Where this breaks down is when you take two devices where the sleeve is connected to the case, and you put them in the same rack. Then they share a common case ground, the rack connects the two cases togeather and the signal on both ends will be shorted to ground.

The signal is a measurment of the differance between the tip and the sleeve, and by reversing the wires, to where tip goes to sleeve and sleeve goes to tip, you still have an electrical differance, just negative is now positive and vice versa. Hence the signal is flipped and therefore 180 of of phase. As long as that is the only connection you will still have signal.
 
Re: Re: "Phase" in a Patchbay

Bdgr said:
... For instance, a drum machine running off of a wall wart plugged into your computer in. These devices do not share a common ground, and since AC swings from positive to negative and back again, making the ground the signal and the signal the ground make no differance whatsover(other than being out of phase)....

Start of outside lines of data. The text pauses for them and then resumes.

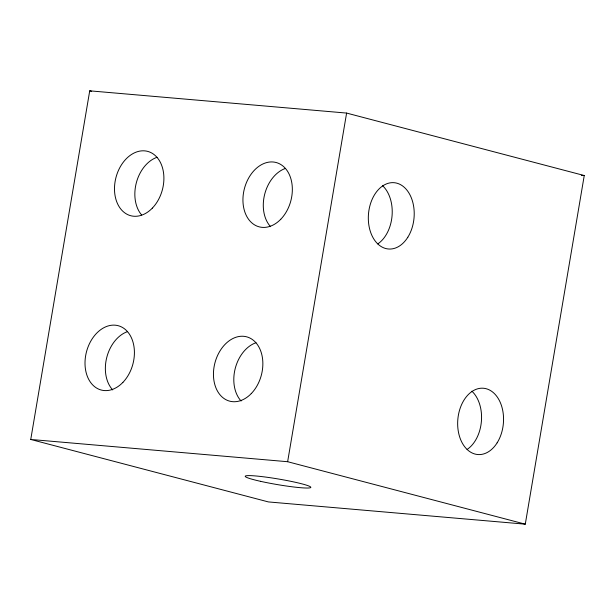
<?xml version="1.0" encoding="UTF-8"?>
<svg xmlns="http://www.w3.org/2000/svg" width="615" height="615" viewBox="0 0 615 615"><rect width="100%" height="100%" fill="white"/><g stroke="black" fill="none" stroke-linecap="round" stroke-linejoin="round"><path stroke-width="0.92" d="M30.75 439.464L89.721 90.828L346.606 113.075L584.25 175.536L525.279 524.172L268.394 501.925L30.75 439.464L287.636 461.711L525.279 524.172M287.636 461.711L346.606 113.075M581.383 175.29L584.25 175.536M89.721 90.828L91.574 91.32M471.897 391.202A33.272 22.863 -85.1 0 1 481.407 421.267A33.272 22.863 -85.1 0 1 467.1 449.473M112.699 389.925A33.272 24.008 -75.3 0 1 106.749 357.492A33.272 24.008 -75.3 0 1 127.497 331.616M141.573 214.919A33.272 24.008 -75.3 0 1 136.392 182.563A33.272 24.008 -75.3 0 1 157.048 157.279M270.577 226.681A33.272 24.008 -75.3 0 1 264.696 194.217A33.272 24.008 -75.3 0 1 285.491 168.395M382.561 185.661A33.272 22.863 -85.1 0 1 392.07 215.719A33.272 22.863 -85.1 0 1 377.756 243.924M241.095 400.995A33.272 24.008 -75.3 0 1 235.214 368.531A33.272 24.008 -75.3 0 1 256.001 342.716M497.143 442.808A33.272 22.863 -85.1 0 0 486.142 388.711A33.272 22.863 -85.1 0 0 458.552 432.668A33.272 22.863 -85.1 0 0 497.143 442.808M260.522 481.322A33.272 2.844 9.6 0 0 310.798 487.434A33.272 2.844 9.6 0 0 262.728 476.702A33.272 2.844 9.6 0 0 260.522 481.322M280.763 219.263A33.272 24.008 -75.3 0 0 279.21 163.644A33.272 24.008 -75.3 0 0 242.948 201.12A33.272 24.008 -75.3 0 0 280.763 219.263M152.32 208.139A33.272 24.008 -75.3 0 0 150.767 152.52A33.272 24.008 -75.3 0 0 114.505 189.997A33.272 24.008 -75.3 0 0 152.32 208.139M251.274 393.577A33.272 24.008 -75.3 0 0 249.728 337.958A33.272 24.008 -75.3 0 0 213.459 375.434A33.272 24.008 -75.3 0 0 251.274 393.577M407.807 237.267A33.272 22.863 -85.1 0 0 396.798 183.162A33.272 22.863 -85.1 0 0 369.215 227.12A33.272 22.863 -85.1 0 0 407.807 237.267M122.892 382.399A33.272 24.008 -75.3 0 0 121.224 326.811A33.272 24.008 -75.3 0 0 85.024 364.395A33.272 24.008 -75.3 0 0 122.892 382.399"/></g></svg>
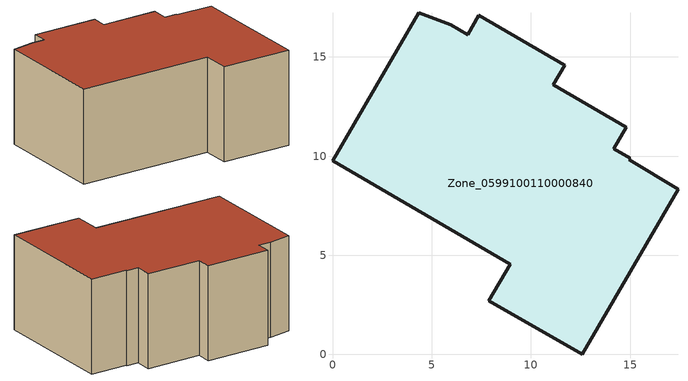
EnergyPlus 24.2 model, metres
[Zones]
Zone_0599100110000840
 floor ground (C_G): 7.88,2.71 8.95,4.56 0,9.77 4.35,17.24 5.95,16.62 6.81,16.12 7.38,17.1 11.7,14.59 11.13,13.61 14.82,11.46 14.19,10.37 15.01,9.89 14.97,9.83 17.42,8.33 12.58,0 z3.6
 wall outside (C_F): 8.95,4.56 7.88,2.71 12.58,0 17.42,8.33 14.97,9.83 15.01,9.89 14.19,10.37 14.82,11.46 11.13,13.61 11.7,14.59 7.38,17.1 6.81,16.12 5.95,16.62 4.35,17.24 0,9.77 8.95,4.56 z3.6:10.76
 roof outside (C_R): 17.42,8.33 14.97,9.83 15.01,9.89 14.19,10.37 14.82,11.46 11.13,13.61 11.7,14.59 7.38,17.1 6.81,16.12 5.95,16.62 4.35,17.24 0,9.77 8.95,4.56 7.88,2.71 12.58,0 z10.76
[BUILDING]
Pand.0599100110000840: North Axis=0; Terrain=City; Loads Convergence Tolerance Value=0.04; Temperature Convergence Tolerance Value=0.4; Solar Distribution=FullExterior; Maximum Number of Warmup Days=25; Minimum Number of Warmup Days=1
[Site:Location]
Rotterdam.The.Hague.AP_ZH_NLD Design_Conditions: Latitude=51.96; Longitude=4.45; Time Zone=1; Elevation=-4.5
[SITE:GROUNDTEMPERATURE:BUILDINGSURFACE]
18, 18, 18, 18, 18, 18, 18, 18, 18, 18, 18, 18
[MATERIAL] Thermal Absorptance=0.9; Solar Absorptance=0.7; Visible Absorptance=0.7
Name | Roughness | Thickness | Conductivity | Density | Specific Heat
G.D.2015-2018 | MediumSmooth | 0.15 | 0.0428571 | 540 | 1210
F.D.2015-2018 | Rough | 0.3 | 0.0666667 | 1920 | 840
R.D.2015-2018 | MediumRough | 0.2 | 0.0333333 | 1500 | 1000
[CONSTRUCTION]
C_G: G.D.2015-2018
C_F: F.D.2015-2018
C_R: R.D.2015-2018
[ZONE]
Zone_0599100110000840: Type=1; Multiplier=1; Ceiling Height=Autocalculate; Volume=Autocalculate; Floor Area=autocalculate; Part of Total Floor Area=Yes
[ZONEINFILTRATION:DESIGNFLOWRATE]
Infil_Zone_0599100110000840: Zone or ZoneList or Space or SpaceList=Zone_0599100110000840; Schedule=AlwaysOn; Design Flow Rate Calculation Method=Flow/Area; Flow Rate per Floor Area=0.0021; Constant Term Coefficient=1; Temperature Term Coefficient=0; Velocity Term Coefficient=0; Velocity Squared Term Coefficient=0
[HVACTEMPLATE:ZONE:IDEALLOADSAIRSYSTEM]
Zone_0599100110000840: Maximum Heating Supply Air Temperature=50; Minimum Cooling Supply Air Temperature=13; Maximum Heating Supply Air Humidity Ratio=0.0156; Minimum Cooling Supply Air Humidity Ratio=0.0077; Heating Limit=NoLimit; Cooling Limit=NoLimit; Dehumidification Control Type=ConstantSensibleHeatRatio; Cooling Sensible Heat Ratio=0.7; Dehumidification Setpoint=60; Humidification Control Type=None; Humidification Setpoint=30; Outdoor Air Method=None; Outdoor Air Flow Rate per Person=0.00944; Outdoor Air Flow Rate per Zone Floor Area=0; Outdoor Air Flow Rate per Zone=0; Demand Controlled Ventilation Type=None; Outdoor Air Economizer Type=NoEconomizer; Heat Recovery Type=None; Sensible Heat Recovery Effectiveness=0.7; Latent Heat Recovery Effectiveness=0.65
[ZONECONTROL:THERMOSTAT]
ThermostatControl_Zone_0599100110000840: Zone or ZoneList=Zone_0599100110000840; Control Type Schedule=DualSetpointControlType; Control 1=Thermostat_Zone_0599100110000840; Temperature Difference Between Cutout And Setpoint=0
[THERMOSTATSETPOINT:DUALSETPOINT]
Thermostat_Zone_0599100110000840: Heating Setpoint Temperature Schedule=HeatingSetpoint_Zone_0599100110000840; Cooling Setpoint Temperature Schedule=CoolingSetpoint_Zone_0599100110000840
[SCHEDULE:COMPACT]
HeatingSetpoint_Zone_0599100110000840: Through: 12/31, For: AllDays, Until: 24:00, 21
CoolingSetpoint_Zone_0599100110000840: Through: 12/31, For: AllDays, Until: 24:00, 24
DualSetpointControlType: Through: 12/31, For: AllDays, Until: 24:00, 4
AlwaysOn: Through: 12/31, For: AllDays, Until: 24:00, 1

Maybe I'm missing something here. On my computer soundcard (an RCA connection), the sleeve is connected to the computer's chassis, which (I think?) is actually connected to the wall outlet's third pin, and thence to the real honest-to-god ground (aka "earth"). If I connect the signal from a drum machine (whatever its ground reference is) to this, I don't see how anything will happen (anything interesting, anyway). Am I misunderstanding how the computer is wired?
 
what the hell is a patchbay anyway?? i know what they look like and shit.. but.. i guess i found myself reading your guys' silly arguments rather than the discussion itself!
 
ad0lescnts said:
what the hell is a patchbay anyway?? i know what they look like and shit.. but.. i guess i found myself reading your guys' silly arguments rather than the discussion itself!

This might be helpful ... or it might not:

http://groups.google.com/groups?hl=...elm=82peco%24qgn%241%40nnrp1.deja.com&rnum=11

Which reminds me ... since the Behringer patchbay (which supposedly reverses the signal polarity) connects all the sleeves to it's chassis, how could it reverse the polarity of all the signals running into it?
 
As Bruce previously pointed out...the Behringer is an UNBALANCED Tip/Sleeve (no ring) as opposed to a balanced TRS jack (Tip/ Ring/Sleeve).

The individual who stated that the Behringer was wired "out of phase" seems to have drawn great suspicion about his knowledge and maturity levels. Taking into accout several others have sounded in to say they have used them with no problems I would discount that comment.

It also seem the same individual associated "out of phase" with speakers being the same as reversed polarity/out of phase with strictly electronic signals going through a patchbay wich is typically to and from effects, preamps, mixing boards and your recording media.

If the confused individual was using a patch bay to run a signal to his speakers there is no telling what else was going on.